Sandhya Krishnan
Postdoctoral Research Fellow at the University of Arkansas at Little Rock
Former NSF Postdoctoral Research Fellow at University of Colorado at Boulder
Former Postdoc Associate with FLAMEnet
Postdoctoral Research Fellow at the University of Arkansas at Little Rock
Former NSF Postdoctoral Research Fellow at University of Colorado at Boulder
Former Postdoc Associate with FLAMEnet
Not many people can say that they found a job they enjoy through failure! While I fell in love with the neurosciences at the University of Michigan, I never considered anything but medical school. Meeting failure after academic failure at Wayne State University School of Medicine led me to re-evaluate how I learned and what I loved what about learning with help from supportive counsellors and faculty. Leaving medical school, I worked in K-12 education before starting a graduate program in Science Education at the University of Georgia.
My own experiences translated into my dissertation research, examining whether and how students' failures could lead to learning in science. I studied how students made sense of failure and how their understandings of failure contributed to fitting into the scientific community in certain ways that only failure could do. This work led me to FLAMEnet, a community of scientists, psychologists, and educators who were also thinking about how to utilize challenges in STEM learning into learning opportunities... and a few years later, I became a postdoc with this same research coordination network. While a postdoc with FLAMEnet, my incredible mentors (Dr. Jen Heemstra, Dr. Lou Charkoudian, and Dr. Lisa Corwin) supported me in writing and submitting my first NSF grant proposal.

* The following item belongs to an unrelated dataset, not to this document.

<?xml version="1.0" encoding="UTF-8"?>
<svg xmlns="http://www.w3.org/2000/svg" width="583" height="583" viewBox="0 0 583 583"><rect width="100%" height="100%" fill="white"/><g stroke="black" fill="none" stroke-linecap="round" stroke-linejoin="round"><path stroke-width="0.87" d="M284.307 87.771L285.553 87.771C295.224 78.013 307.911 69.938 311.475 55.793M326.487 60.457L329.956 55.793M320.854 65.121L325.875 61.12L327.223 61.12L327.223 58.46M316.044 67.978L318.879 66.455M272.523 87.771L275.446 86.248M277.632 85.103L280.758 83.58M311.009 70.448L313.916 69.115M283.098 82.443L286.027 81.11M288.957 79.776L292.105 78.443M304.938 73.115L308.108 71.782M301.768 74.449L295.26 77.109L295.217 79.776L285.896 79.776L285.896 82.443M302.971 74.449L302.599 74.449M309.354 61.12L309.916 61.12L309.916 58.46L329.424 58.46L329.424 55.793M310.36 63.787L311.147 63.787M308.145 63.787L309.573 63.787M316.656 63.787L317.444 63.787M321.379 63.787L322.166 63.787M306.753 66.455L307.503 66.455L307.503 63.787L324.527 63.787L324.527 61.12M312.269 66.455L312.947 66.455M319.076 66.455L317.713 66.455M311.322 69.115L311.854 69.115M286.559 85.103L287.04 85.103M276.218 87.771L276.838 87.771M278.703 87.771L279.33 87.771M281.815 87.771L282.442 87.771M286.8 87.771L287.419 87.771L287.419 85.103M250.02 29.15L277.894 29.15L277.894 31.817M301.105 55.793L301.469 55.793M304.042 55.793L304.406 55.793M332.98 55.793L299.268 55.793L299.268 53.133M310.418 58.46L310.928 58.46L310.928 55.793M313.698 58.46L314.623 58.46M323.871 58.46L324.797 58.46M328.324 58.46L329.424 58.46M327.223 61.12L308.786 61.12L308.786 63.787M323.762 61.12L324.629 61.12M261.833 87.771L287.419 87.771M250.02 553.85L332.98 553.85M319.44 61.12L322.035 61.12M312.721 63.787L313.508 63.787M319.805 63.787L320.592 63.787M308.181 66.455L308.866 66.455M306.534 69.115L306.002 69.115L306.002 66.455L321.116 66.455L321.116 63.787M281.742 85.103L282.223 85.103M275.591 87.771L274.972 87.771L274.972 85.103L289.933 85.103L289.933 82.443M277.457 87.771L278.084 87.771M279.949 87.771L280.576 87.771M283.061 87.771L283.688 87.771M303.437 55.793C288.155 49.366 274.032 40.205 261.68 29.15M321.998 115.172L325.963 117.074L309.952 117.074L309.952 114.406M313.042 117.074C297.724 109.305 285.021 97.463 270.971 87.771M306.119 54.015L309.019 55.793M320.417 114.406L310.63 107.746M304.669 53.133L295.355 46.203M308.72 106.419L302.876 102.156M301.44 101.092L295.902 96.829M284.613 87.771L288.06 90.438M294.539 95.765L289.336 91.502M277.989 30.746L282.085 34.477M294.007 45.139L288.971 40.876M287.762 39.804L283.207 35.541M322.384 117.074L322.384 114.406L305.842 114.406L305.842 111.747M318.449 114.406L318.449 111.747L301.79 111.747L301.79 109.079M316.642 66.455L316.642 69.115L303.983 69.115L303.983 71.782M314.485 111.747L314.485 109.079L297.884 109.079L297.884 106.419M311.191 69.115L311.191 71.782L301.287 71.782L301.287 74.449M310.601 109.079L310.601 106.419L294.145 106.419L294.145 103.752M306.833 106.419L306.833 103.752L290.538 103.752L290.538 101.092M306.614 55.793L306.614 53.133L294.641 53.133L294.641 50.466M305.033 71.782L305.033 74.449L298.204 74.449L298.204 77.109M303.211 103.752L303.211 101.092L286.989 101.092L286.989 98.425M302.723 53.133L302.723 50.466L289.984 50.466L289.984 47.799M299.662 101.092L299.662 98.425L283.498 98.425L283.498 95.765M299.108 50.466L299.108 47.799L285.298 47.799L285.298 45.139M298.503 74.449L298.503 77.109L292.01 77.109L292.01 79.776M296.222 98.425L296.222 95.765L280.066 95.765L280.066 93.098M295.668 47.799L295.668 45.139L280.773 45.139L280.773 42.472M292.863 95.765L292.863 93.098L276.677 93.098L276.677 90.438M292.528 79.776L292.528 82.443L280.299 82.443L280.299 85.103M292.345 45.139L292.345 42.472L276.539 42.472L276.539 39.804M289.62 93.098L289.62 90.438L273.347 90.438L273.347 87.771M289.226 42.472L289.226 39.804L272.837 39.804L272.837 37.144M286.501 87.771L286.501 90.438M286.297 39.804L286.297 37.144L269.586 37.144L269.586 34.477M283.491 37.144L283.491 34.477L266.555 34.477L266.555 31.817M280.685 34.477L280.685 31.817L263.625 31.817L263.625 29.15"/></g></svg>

As a recipient of the NSF STEM Education Postdoctoral Research Fellowship in the inaugural year of this program, I had the enormous privilege of working with Dr. Lisa Corwin more closely to conduct a large-scale investigation into student failures in course-based research experiences across the nation. Through this project, we worked with fantastic instructors passionate about science and learning and heard incredible stories of resilience from students. Now, in a project led by our graduate student, Manuela Mejia, we're also investigating how scientists experience failure and the supports that helped them navigate these experiences, hoping to create resources for students to connect with scientist stories!
I'm currently at the University of Arkansas at Little Rock, where I'm working with another fantastic team: Dr. Mark Baillie, Dr. Michael Moore, and Dr. Lundon Pinneo. They've built an enthusiastic community of faculty who've spent multiple years transforming their pedagogical practices. My task is to figure out how to evaluate what impacts this institutional change initiative has had on the faculty and student body at Little Rock and what elements can be efficiently and effectively adopted at other campuses.
My experiences with failure led me to research that I love, a job I love, all while working with people who inspire me. I love to chat about what I do and the experiences that led me here, so please do reach out to me if you want to know more!
Outside of work, you'll find me on a trail with my Great Pyrenees puppy (Alfie!), attempting to learn the guitar and various languages, and traveling to meet friends and family around the world.